3 Discussion
Liver cancer, one of the fatal cancers worldwide, is often treated with surgery, chemoembolization and chemotherapy1. Sorafenib and lenvatinib are first-line chemotherapy agents for the treatment of hepatocellular carcinoma. However, owing to their unsatisfactory results and numerous adverse side effects, many other chemotherapeutic drugs have been investigated to treat this disease2. Apatinib mesylate is a novel tyrosine kinase inhibitor (TKI) launched and approved in China in 2014. It can efficiently and competitively bind to vascular endothelial growth factor receptor-2 (VEGFR2), which inhibits angiogenesis in tumors and inhibits tumor growth and progression3.

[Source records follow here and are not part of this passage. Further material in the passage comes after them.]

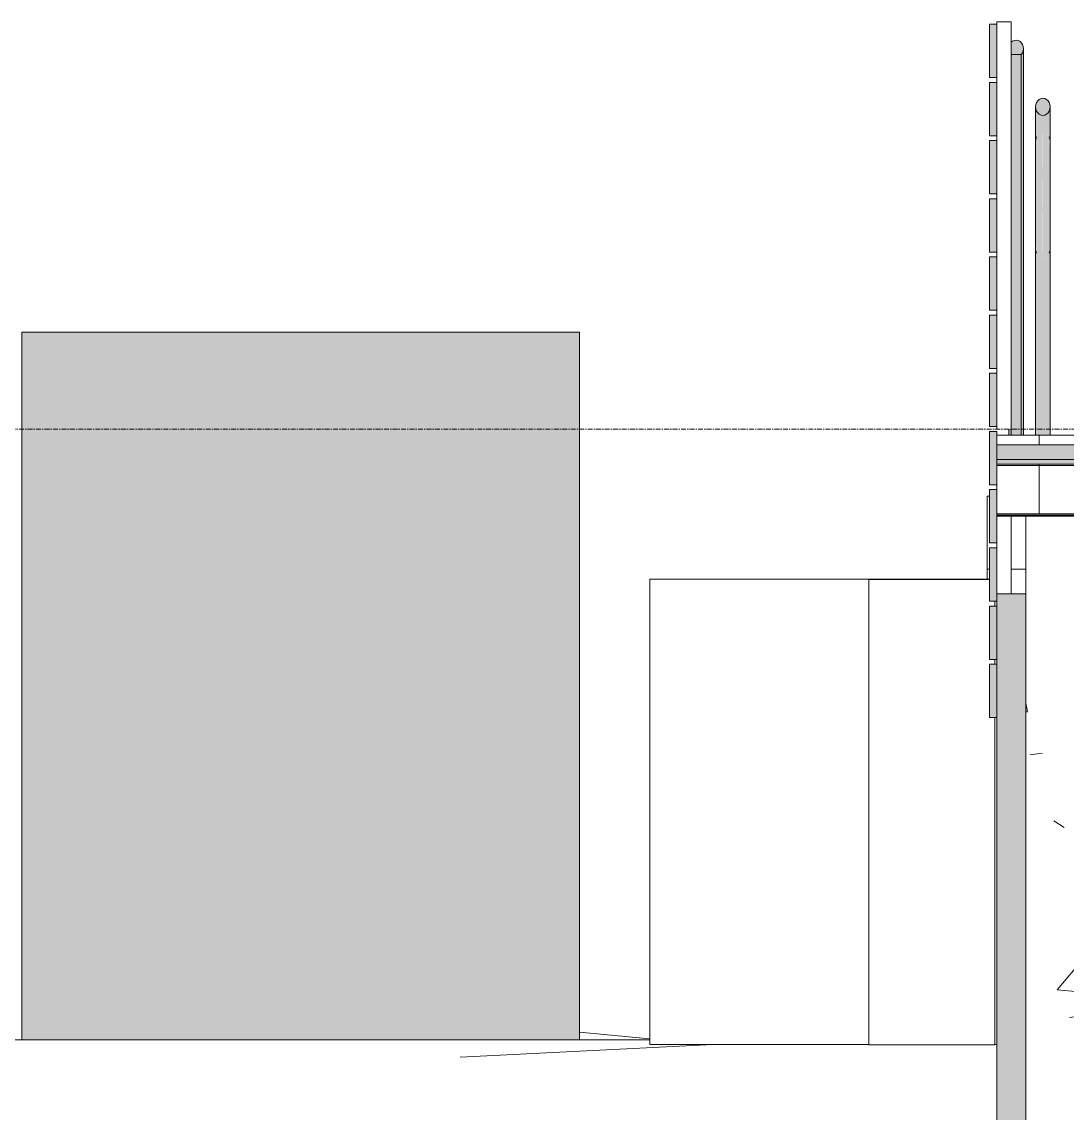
# Model space of a CAD drawing. Header units: inches. Extents: x 9661 to 15313, y -314 to 660.
# Drawn here: x 9787.7 to 9895.4, y -70.6 to 42 of the extents above; entities that cross this region are included whole.
import ezdxf

# ---------------------------------------------------------------- set-up
doc = ezdxf.new("R2010")
doc.units = ezdxf.units.IN
doc.header["$MEASUREMENT"] = 0
doc.linetypes.add('Grid Line 1_2_', pattern=[0.875, 0.5, -0.125, 0.125, -0.125])
for name, color, linetype, lineweight in [('0-1', 7, 'Continuous', 5), ('A-FLOR-1', 55, 'Continuous', 9), ('A-FLOR-5', 252, 'Continuous', 13), ('A-FLOR-6', 254, 'Continuous', 5), ('A-FLOR-8', 192, 'Continuous', 9), ('A-FLOR-HRAL-1', 55, 'Continuous', 9), ('A-FLOR-HRAL-2', 7, 'Continuous', 9), ('A-FLOR-LEVL-1', 51, 'Grid Line 1_2_', 9), ('A-FLOR-MCUT-1', 51, 'Continuous', 9), ('A-FLOR-PATT-1', 45, 'Continuous', 9), ('A-GLAZ-CURT', 52, 'Continuous', 9), ('A-GLAZ-CURT-1', 55, 'Continuous', 9), ('A-GLAZ-CURT-2', 35, 'Continuous', 9), ('A-GLAZ-CWMG-1', 55, 'Continuous', 9), ('A-WALL-PATT-2', 45, 'Continuous', 9), ('C-TOPO-2', 55, 'Continuous', 9), ('E-ELEC-EQPM-1', 55, 'Continuous', 9), ('S-FNDN-1', 7, 'Continuous', 9), ('S-FNDN-4', 252, 'Continuous', 13), ('S-FNDN-5', 32, 'Continuous', 9), ('S-STRS-2', 55, 'Continuous', 9)]:
    doc.layers.add(name, color=color, linetype=linetype, lineweight=lineweight)
pattern_1 = [(50, (11008.554, 72), (27.5427, -2.4099), [2.88, -31.68]), (355, (11008.554, 72), (-5.32784, 28.8843), [2.304, -25.344]), (100.451, (11010.85, 71.8), (22.2153, 26.4739), [2.448, -26.924]), (46.184, (11008.554, 79.68), (40.9819, -6.3564), [4.32, -47.52]), (96.636, (11011.97, 79.15), (35.8907, 37.4062), [3.671, -40.386]), (351.184, (11008.554, 79.68), (35.891, 37.4062), [3.456, -38.016]), (21, (11012.394, 77.76), (22.92104, -15.46073), [2.88, -31.68]), (326, (11012.394, 77.76), (9.3435, 27.84574), [2.304, -25.344]), (71.451, (11014.304, 76.472), (32.26477, 12.3844), [2.448, -26.924]), (37.5, (11008.554, 72), (0.466855, 12.78271), [1.267, -23.77, 1.267, -24.461, -25.44]), (37.5, (11008.554, 72), (0.466855, 12.78271), [-50.765, 1.267, -24.173]), (7.5, (11008.554, 72), (10.10159, 15.14509), [1.267, -13.402, 1.267, -23.194, -9.696]), (7.5, (11008.554, 72), (10.10159, 15.14509), [-39.13, 1.267, -8.429]), (327.5, (10999.991, 72), (20.49916, -0.86578), [1.267, -8.333, 1.267, -28.685, -39.744]), (327.5, (10999.991, 72), (20.49916, -0.86578), [-39.552, 1.267, -38.477]), (317.5, (10996.151, 72), (22.39478, 3.8443), [1.267, -11.213, 1.267, -18.624, -28.224]), (317.5, (10996.151, 72), (22.39478, 3.8443), [-32.371, 1.267, -26.957])]
pattern_2 = [(90, (11008.554, 72), (-6, 4e-16), [])]

# ---------------------------------------------------------------- blocks, each defined once
blk = doc.blocks.new('CTR  - Topography_rvt-1-BUILDING SECTION - EAST_WEST - COURTYARD - LOOKING NORTH')
at = {"layer": 'C-TOPO-2'}
for p, q in [((9852.44, -62.89), (9845.19, -62.19)), ((9852.44, -62.89), (9845.19, -62.19)), ((9858.91, -63.49), (9832.86, -64.77)), ((9858.69, -63.5), (9858.58, -63.49)), ((9858.69, -63.5), (9858.58, -63.49))]:
    blk.add_line(p, q, dxfattribs=at)
blk = doc.blocks.new('CTR - 1st Phase - Structure_rvt-1-BUILDING SECTION - EAST_WEST - COURTYARD - LOOKING NORTH')
at = {"layer": 'A-WALL-PATT-2'}
h = blk.add_hatch(dxfattribs=at)
h.set_pattern_fill('FP_19', color=256, style=0, pattern_type=2)
h.set_pattern_definition(pattern_1)
h.paths.add_polyline_path([(9891.19, -168), (9901.19, -168), (9901.19, -21), (9897.19, -21), (9897.19, -9), (9891.19, -9), (9891.19, -162)], flags=0)
at = {"layer": 'S-FNDN-1'}
for p, q in [((9891.19, -9), (9891.19, -168)), ((9897.19, -9), (9891.19, -9))]:
    blk.add_line(p, q, dxfattribs=at)
blk = doc.blocks.new('Horizontal_Siding - Horizontal_Siding-2907273-BUILDING SECTION - EAST_WEST - COURTYARD - LOOKING NORTH')
at = {"layer": 'A-GLAZ-CURT-2'}
blk.add_hatch(color=256, dxfattribs=at).paths.add_polyline_path([(9887.99, -29.75), (9888.19, -29.75), (9888.19, -24.25), (9887.44, -24.25), (9887.44, -29.75)], flags=0)
at = {"layer": 'A-GLAZ-CURT'}
for p, q in [((9888.19, -24.25), (9887.44, -24.25)), ((9887.44, -24.25), (9887.44, -29.75)), ((9888.19, -29.75), (9888.19, -24.25)), ((9887.44, -29.75), (9888.19, -29.75))]:
    blk.add_line(p, q, dxfattribs=at)
blk = doc.blocks.new('Rectangular Mullion - RAILING POST-2666421-BUILDING SECTION - EAST_WEST - COURTYARD - LOOKING NORTH')
at = {"layer": 'A-GLAZ-CWMG-1'}
for p, q in [((9888.19, -12.25), (9888.19, -12)), ((9889.69, -12), (9889.69, -17))]:
    blk.add_line(p, q, dxfattribs=at)
blk = doc.blocks.new('Rectangular Mullion - RAILING POST-V33-BUILDING SECTION - EAST_WEST - COURTYARD - LOOKING NORTH')
at = {"layer": 'A-GLAZ-CWMG-1'}
for p, q in [((9889.69, -9), (9889.69, -12)), ((9888.19, -12), (9888.19, -11.75))]:
    blk.add_line(p, q, dxfattribs=at)
blk = doc.blocks.new('Rectangular Mullion - RAILING POST-V34-BUILDING SECTION - EAST_WEST - COURTYARD - LOOKING NORTH')
at = {"layer": 'A-GLAZ-CWMG-1'}
for p, q in [((9888.19, 5.75), (9888.19, 6)), ((9889.69, 6), (9889.69, 0)), ((9888.19, 0), (9888.19, 0.25))]:
    blk.add_line(p, q, dxfattribs=at)
blk = doc.blocks.new('Rectangular Mullion - RAILING POST-2666422-BUILDING SECTION - EAST_WEST - COURTYARD - LOOKING NORTH')
at = {"layer": 'A-GLAZ-CWMG-1'}
for p, q in [((9888.19, 42), (9889.69, 42)), ((9888.19, 41.75), (9888.19, 42)), ((9889.69, 42), (9889.69, 36)), ((9888.19, 36), (9888.19, 36.25))]:
    blk.add_line(p, q, dxfattribs=at)
blk = doc.blocks.new('Railing - 1_-2854140-BUILDING SECTION - EAST_WEST - COURTYARD - LOOKING NORTH')
at = {"layer": 'A-FLOR-HRAL-2'}
for points in [[(9890.67, -0.63), (9890.69, -0.63), (9890.69, 38.62), (9889.69, 38.58), (9889.73, -0.63), (9890.65, -0.63)], [(9892.19, 25.75), (9892.94, 25.75), (9892.93, 30.5), (9892.67, 30.44), (9892.44, 30.3), (9892.36, 30.21), (9892.28, 30.06), (9892.2, 29.66), (9892.19, 27.57), (9892.2, 26.6)], [(9893.69, 25.75), (9893.61, 30.02), (9893.54, 30.18), (9893.36, 30.36), (9893.2, 30.45), (9893.07, 30.48), (9892.94, 30.46), (9892.96, 25.75), (9893.68, 25.75)], [(9892.19, 22.5), (9892.94, 22.5), (9892.92, 25.75), (9892.19, 25.75), (9892.19, 24.92)], [(9893.67, 22.5), (9893.69, 22.5), (9893.66, 25.75), (9892.94, 25.75), (9892.97, 22.5), (9893.66, 22.5)], [(9892.94, 17.75), (9892.91, 22.5), (9892.19, 22.5), (9892.26, 18.25), (9892.29, 18.12), (9892.53, 17.88), (9892.7, 17.79), (9892.89, 17.75)], [(9892.94, 17.75), (9893.27, 17.83), (9893.38, 17.9), (9893.52, 18.03), (9893.61, 18.22), (9893.68, 18.76), (9893.68, 21.5), (9893.66, 22.5), (9892.94, 22.5), (9892.94, 17.77)]]:
    blk.add_hatch(color=256, dxfattribs=at).paths.add_polyline_path(points, flags=0)
at = {"layer": 'A-FLOR-HRAL-1'}
for p, q in [((9890.69, 38.62), (9889.69, 38.62)), ((9890.69, 38.62), (9890.69, -0.63)), ((9892.19, 22.5), (9892.19, 25.75)), ((9893.69, 25.75), (9893.69, 22.5)), ((9889.69, -0.63), (9889.69, 0))]:
    blk.add_line(p, q, dxfattribs=at)
at = {"layer": 'A-FLOR-HRAL-1', "flags": 128}
for points in [[(9892.19, 25.75), (9892.19, 25.91), (9892.19, 26.07), (9892.19, 26.23), (9892.19, 26.38), (9892.19, 26.54), (9892.19, 26.7), (9892.19, 26.85), (9892.19, 27.01), (9892.19, 27.16), (9892.19, 27.3), (9892.19, 27.45), (9892.19, 27.59), (9892.19, 27.73), (9892.19, 27.87), (9892.19, 28.01), (9892.19, 28.14), (9892.19, 28.26), (9892.19, 28.38), (9892.19, 28.5), (9892.19, 28.62), (9892.19, 28.73), (9892.19, 28.83), (9892.19, 28.93), (9892.19, 29.02), (9892.19, 29.11), (9892.19, 29.2), (9892.19, 29.27), (9892.19, 29.35), (9892.19, 29.41), (9892.19, 29.48), (9892.19, 29.53), (9892.19, 29.58), (9892.19, 29.62), (9892.19, 29.66), (9892.19, 29.69), (9892.19, 29.71), (9892.19, 29.73), (9892.19, 29.74), (9892.19, 29.75), (9892.19, 29.75)], [(9893.69, 29.75), (9893.69, 29.74), (9893.69, 29.73), (9893.69, 29.72), (9893.69, 29.7), (9893.69, 29.67), (9893.69, 29.63), (9893.69, 29.59), (9893.69, 29.54), (9893.69, 29.49), (9893.69, 29.43), (9893.69, 29.37), (9893.69, 29.3), (9893.69, 29.22), (9893.69, 29.14), (9893.69, 29.05), (9893.69, 28.96), (9893.69, 28.86), (9893.69, 28.75), (9893.69, 28.65), (9893.69, 28.53), (9893.69, 28.42), (9893.69, 28.3), (9893.69, 28.17), (9893.69, 28.04), (9893.69, 27.91), (9893.69, 27.77), (9893.69, 27.63), (9893.69, 27.49), (9893.69, 27.34), (9893.69, 27.2), (9893.69, 27.05), (9893.69, 26.89), (9893.69, 26.74), (9893.69, 26.58), (9893.69, 26.43), (9893.69, 26.27), (9893.69, 26.11), (9893.69, 25.95), (9893.69, 25.79), (9893.69, 25.75)], [(9892.19, 18.5), (9892.19, 18.5), (9892.19, 18.51), (9892.19, 18.53), (9892.19, 18.55), (9892.19, 18.58), (9892.19, 18.61), (9892.19, 18.65), (9892.19, 18.7), (9892.19, 18.75), (9892.19, 18.81), (9892.19, 18.88), (9892.19, 18.95), (9892.19, 19.03), (9892.19, 19.11), (9892.19, 19.2), (9892.19, 19.29), (9892.19, 19.39), (9892.19, 19.49), (9892.19, 19.6), (9892.19, 19.71), (9892.19, 19.83), (9892.19, 19.95), (9892.19, 20.07), (9892.19, 20.2), (9892.19, 20.34), (9892.19, 20.47), (9892.19, 20.61), (9892.19, 20.75), (9892.19, 20.9), (9892.19, 21.05), (9892.19, 21.2), (9892.19, 21.35), (9892.19, 21.5), (9892.19, 21.66), (9892.19, 21.82), (9892.19, 21.98), (9892.19, 22.13), (9892.19, 22.29), (9892.19, 22.45), (9892.19, 22.5)], [(9893.69, 22.5), (9893.69, 22.34), (9893.69, 22.18), (9893.69, 22.02), (9893.69, 21.86), (9893.69, 21.7), (9893.69, 21.55), (9893.69, 21.39), (9893.69, 21.24), (9893.69, 21.09), (9893.69, 20.94), (9893.69, 20.79), (9893.69, 20.65), (9893.69, 20.51), (9893.69, 20.37), (9893.69, 20.24), (9893.69, 20.11), (9893.69, 19.98), (9893.69, 19.86), (9893.69, 19.74), (9893.69, 19.63), (9893.69, 19.52), (9893.69, 19.41), (9893.69, 19.31), (9893.69, 19.22), (9893.69, 19.13), (9893.69, 19.05), (9893.69, 18.97), (9893.69, 18.9), (9893.69, 18.83), (9893.69, 18.77), (9893.69, 18.71), (9893.69, 18.67), (9893.69, 18.62), (9893.69, 18.59), (9893.69, 18.56), (9893.69, 18.53), (9893.69, 18.51), (9893.69, 18.5), (9893.69, 18.5), (9893.69, 18.5)]]:
    blk.add_lwpolyline(points, dxfattribs=at)
at = {"layer": 'A-FLOR-HRAL-1'}
for centre, start, end in [((9892.94, 29.75), 150, 185.1611), ((9892.94, 29.75), 354.5139, 30), ((9892.94, 18.5), 173.9058, 210), ((9892.94, 18.5), 330, 5.4861)]:
    blk.add_arc(centre, 0.75, start, end, dxfattribs=at)
blk = doc.blocks.new('Railing - Railing-2829184-BUILDING SECTION - EAST_WEST - COURTYARD - LOOKING NORTH')
at = {"layer": 'A-FLOR-HRAL-2'}
for points in [[(9890.69, 38.58), (9890.72, 38.6), (9890.84, 38.79), (9890.91, 39), (9890.94, 39.23), (9890.91, 39.46), (9890.84, 39.67), (9890.72, 39.86), (9890.56, 40), (9890.38, 40.09), (9890.19, 40.12), (9890, 40.09), (9889.81, 40), (9889.69, 39.86), (9889.69, 38.62), (9890.69, 38.6)], [(9892.94, 32.34), (9893.13, 32.37), (9893.31, 32.46), (9893.47, 32.6), (9893.59, 32.79), (9893.66, 33), (9893.69, 33.24), (9893.66, 33.46), (9893.59, 33.67), (9893.47, 33.86), (9893.31, 34), (9893.13, 34.09), (9892.94, 34.12), (9892.75, 34.09), (9892.56, 34), (9892.41, 33.86), (9892.29, 33.67), (9892.21, 33.46), (9892.19, 33.23), (9892.21, 33), (9892.29, 32.79), (9892.41, 32.6), (9892.56, 32.46), (9892.75, 32.37)]]:
    blk.add_hatch(color=256, dxfattribs=at).paths.add_polyline_path(points, flags=0)
h = blk.add_hatch(color=256, dxfattribs=at)
h.paths.add_polyline_path([(9889.69, -0.63), (9889.66, 0), (9889.44, 0), (9889.46, -0.63), (9889.66, -0.63)], flags=0)
h.paths.add_polyline_path([(9890.69, -0.63), (9890.94, -0.63), (9890.91, 39), (9890.84, 38.78), (9890.69, 38.58), (9890.69, -0.05)], flags=0)
h = blk.add_hatch(color=256, dxfattribs=at)
h.paths.add_polyline_path([(9892.19, -0.63), (9893.69, -0.63), (9893.66, 18.4), (9893.47, 17.97), (9893.18, 17.79), (9892.99, 17.75), (9892.77, 17.77), (9892.67, 17.8), (9892.44, 17.94), (9892.36, 18.04), (9892.27, 18.2), (9892.2, 18.59), (9892.19, 18.83), (9892.19, -0.05)], flags=0)
h.paths.add_polyline_path([(9893.69, 28.29), (9893.69, 28.29), (9893.66, 33), (9893.59, 32.79), (9893.47, 32.6), (9893.31, 32.46), (9893.13, 32.37), (9892.94, 32.34), (9892.75, 32.37), (9892.56, 32.46), (9892.41, 32.6), (9892.29, 32.79), (9892.21, 33), (9892.19, 33), (9892.22, 29.94), (9892.26, 29.99), (9892.29, 30.12), (9892.51, 30.35), (9892.7, 30.45), (9892.81, 30.48), (9893.07, 30.48), (9893.27, 30.41), (9893.44, 30.3), (9893.54, 30.18), (9893.6, 30.06), (9893.68, 29.49), (9893.69, 28.95)], flags=0)
at = {"layer": 'A-FLOR-HRAL-1'}
for p, q in [((9890.94, -0.63), (9890.94, 39.23)), ((9890.69, 32.69), (9890.69, 33.53)), ((9892.19, 33.23), (9892.19, 29.24)), ((9893.69, 25.75), (9893.69, 33.23)), ((9890.69, 26.69), (9890.69, 27.53)), ((9892.19, 27.69), (9892.19, 25.75)), ((9890.69, 20.69), (9890.69, 21.53)), ((9892.19, 22.5), (9892.19, 20.55)), ((9893.69, -0.63), (9893.69, 22.5)), ((9892.19, 19), (9892.19, -0.63)), ((9890.69, 14.69), (9890.69, 15.53)), ((9890.69, 8.69), (9890.69, 9.53)), ((9890.69, 2.69), (9890.69, 3.53)), ((9889.44, 0), (9889.44, -0.63))]:
    blk.add_line(p, q, dxfattribs=at)
at = {"layer": 'A-FLOR-HRAL-1', "flags": 128}
for points in [[(9890.94, 39.23), (9890.91, 39.46), (9890.84, 39.67), (9890.72, 39.86), (9890.56, 40), (9890.38, 40.09), (9890.19, 40.12), (9890, 40.09), (9889.81, 40), (9889.69, 39.89)], [(9890.72, 38.6), (9890.84, 38.79), (9890.91, 39), (9890.94, 39.23)], [(9893.69, 33.23), (9893.66, 33.46), (9893.59, 33.67), (9893.47, 33.86), (9893.31, 34), (9893.13, 34.09), (9892.94, 34.12), (9892.75, 34.09), (9892.56, 34), (9892.41, 33.86), (9892.29, 33.67), (9892.21, 33.46), (9892.19, 33.23)], [(9892.19, 33.23), (9892.21, 33), (9892.29, 32.79), (9892.41, 32.6), (9892.56, 32.46), (9892.75, 32.37), (9892.94, 32.34), (9893.13, 32.37), (9893.31, 32.46), (9893.47, 32.6), (9893.59, 32.79), (9893.66, 33), (9893.69, 33.23)]]:
    blk.add_lwpolyline(points, dxfattribs=at)
blk.add_blockref('Railing - 1_-2854140-BUILDING SECTION - EAST_WEST - COURTYARD - LOOKING NORTH', (0, 0))
blk = doc.blocks.new('261200 - Medium-Voltage Transformers - Generic - large-2843574-BUILDING SECTION - EAST_WEST - COURTYARD - LOOKING NORTH')
at = {"layer": 'E-ELEC-EQPM-1'}
blk.add_hatch(color=256, dxfattribs=at).paths.add_polyline_path([(9787.96, -63), (9845.19, -63), (9845.19, 10), (9787.69, 10), (9787.69, -63)], flags=0)
for p, q in [((9787.69, -63), (9787.69, 10)), ((9787.69, 10), (9845.19, 10)), ((9845.19, 10), (9845.19, -63))]:
    blk.add_line(p, q, dxfattribs=at)
blk = doc.blocks.new('262400 - Switchboards and Panelboards - Electric Panel - Generic - 262400 - Switchboards and Panelboards - Electric Panel - Generic-2655902-BUILDING SECTION - EAST_WEST - COURTYARD - LOOKING NORTH')
at = {"layer": 'E-ELEC-EQPM-1'}
for p, q in [((9852.44, -15.49), (9887.44, -15.49)), ((9852.44, -63.49), (9852.44, -15.49)), ((9874.99, -63.49), (9852.44, -63.49)), ((9888.19, -63.49), (9887.99, -63.49))]:
    blk.add_line(p, q, dxfattribs=at)
blk = doc.blocks.new('262400 - Switchboards and Panelboards - Electric Panel - Generic - 262400 - Switchboards and Panelboards - Electric Panel - Generic-V94-BUILDING SECTION - EAST_WEST - COURTYARD - LOOKING NORTH')
at = {"layer": 'E-ELEC-EQPM-1'}
for p, q in [((9874.99, -15.5), (9887.44, -15.5)), ((9874.99, -63.5), (9874.99, -15.5)), ((9887.99, -18.25), (9887.99, -17.75)), ((9887.99, -24.25), (9887.99, -23.75)), ((9887.99, -63.5), (9887.99, -29.75)), ((9887.99, -63.5), (9874.99, -63.5))]:
    blk.add_line(p, q, dxfattribs=at)

msp = doc.modelspace()

# ---------------------------------------------------------------- hatches: boundary and pattern name
at = {"layer": 'A-FLOR-5'}
h = msp.add_hatch(color=256, dxfattribs=at)
h.paths.add_polyline_path([(11239.6768, -9), (11278.7894, -9), (11278.7894, -8.875), (10819.9894, -8.875), (10819.9894, -9), (11239.37759, -9)], flags=0)
h.paths.add_polyline_path([(9992.37511, -9), (10011.5894, -9), (10011.5599, -8.875), (9888.1894, -8.875), (9888.1894, -9), (9965.8769, -9)], flags=0)
at = {"layer": 'A-FLOR-6'}
h = msp.add_hatch(color=256, dxfattribs=at)
h.paths.add_polyline_path([(11258.31023, -8.875), (11278.7894, -8.875), (11278.7894, -8.75), (10819.9894, -8.75), (10819.9894, -8.875), (11242.15711, -8.875)], flags=0)
h.paths.add_polyline_path([(9888.1894, -8.875), (10011.5894, -8.875), (10011.5599, -8.75), (9888.1894, -8.75)], flags=0)
at = {"layer": 'A-FLOR-PATT-1'}
h = msp.add_hatch(dxfattribs=at)
h.set_pattern_fill('FP_14', color=256, style=0, pattern_type=2)
h.set_pattern_definition(pattern_2)
h.paths.add_polyline_path([(11203.9894, -1.625), (11276.0394, -1.625), (11276.0394, -0.625), (11049.2894, -0.625), (11049.2894, -1.625), (11201.9894, -1.625)], flags=0)
h.paths.add_polyline_path([(10831.98173, -1.625), (10934.1894, -1.625), (10934.1894, -0.625), (10822.7394, -0.625), (10822.7394, -1.625)], flags=0)
h.paths.add_polyline_path([(9935.1894, -1.625), (10008.8394, -1.625), (10008.8394, -0.625), (9888.1894, -0.625), (9888.1894, -1.625), (9927.78998, -1.625)], flags=0)
h = msp.add_hatch(dxfattribs=at)
h.set_pattern_fill('FP_15', color=256, style=0, pattern_type=2)
h.set_pattern_definition([(216.87, (11014.952, 87.994), (47.980943, 31.987086), [7.997, -71.971]), (206.565, (11024.548, 83.196), (-15.993714, -15.994133), [17.881, -17.881]), (198.435, (11024.548, 75.199), (-31.98674, -15.99388), [10.115, -40.461])])
h.paths.add_polyline_path([(11169.26231, -3.125), (11276.0394, -3.125), (11276.0394, -1.625), (11049.2894, -1.625), (11049.2894, -3.125), (11164.5894, -3.125)], flags=0)
h.paths.add_polyline_path([(10934.1894, -3.125), (10934.1894, -1.625), (10822.7394, -1.625), (10822.7394, -3.125), (10928.85942, -3.125)], flags=0)
h.paths.add_polyline_path([(9888.1894, -3.125), (10008.8394, -3.125), (10008.8394, -1.625), (9888.1894, -1.625)], flags=0)
h = msp.add_hatch(dxfattribs=at)
h.set_pattern_fill('FP_3', color=256, style=0, pattern_type=2)
h.set_pattern_definition([(0, (11008.554, 72), (15.36, 3.84), [1.267, -10.253, 1.267, -10.253, -61.44]), (0, (11008.554, 72), (15.36, 3.84), [-23.04, 1.267, -21.773, 1.267, -10.253, -26.88]), (0, (11008.554, 72), (15.36, 3.84), [-57.6, 1.267, -6.413, 1.267, -17.933]), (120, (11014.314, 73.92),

As previously described, VEGFR TKIs have promising therapeutic efficacy for multiple tumors. However, a few skin toxicities have also been elucidated in the literature. In 2015, Massey et al. has revealed that HFS, rash and pruritis were significantly associated with VEGFR TKIs with the incidence of 0-37%, 13-41% and 14%, respetively4. Other cutaneous side effects include alopecia, pigmentation, depigmentation, xeroderma, ulcer and erythema multiforme have been reported as well4,5. The management of these lesions could refer to previous reviews6,7. In terms of apatinib, commonly reported side effects of apatinib to include hematologic toxicity, proteinuria, hypertension, fatigue, nausea, vomiting et al.8. Regarding cutaneous lesions, the hand-foot syndrome (HFS) is the most common skin reaction, which may result in a 50.5% incidence5. Moreover, some cases have reported skin pigmentation, rashes, and BP induced by apatinib9,10.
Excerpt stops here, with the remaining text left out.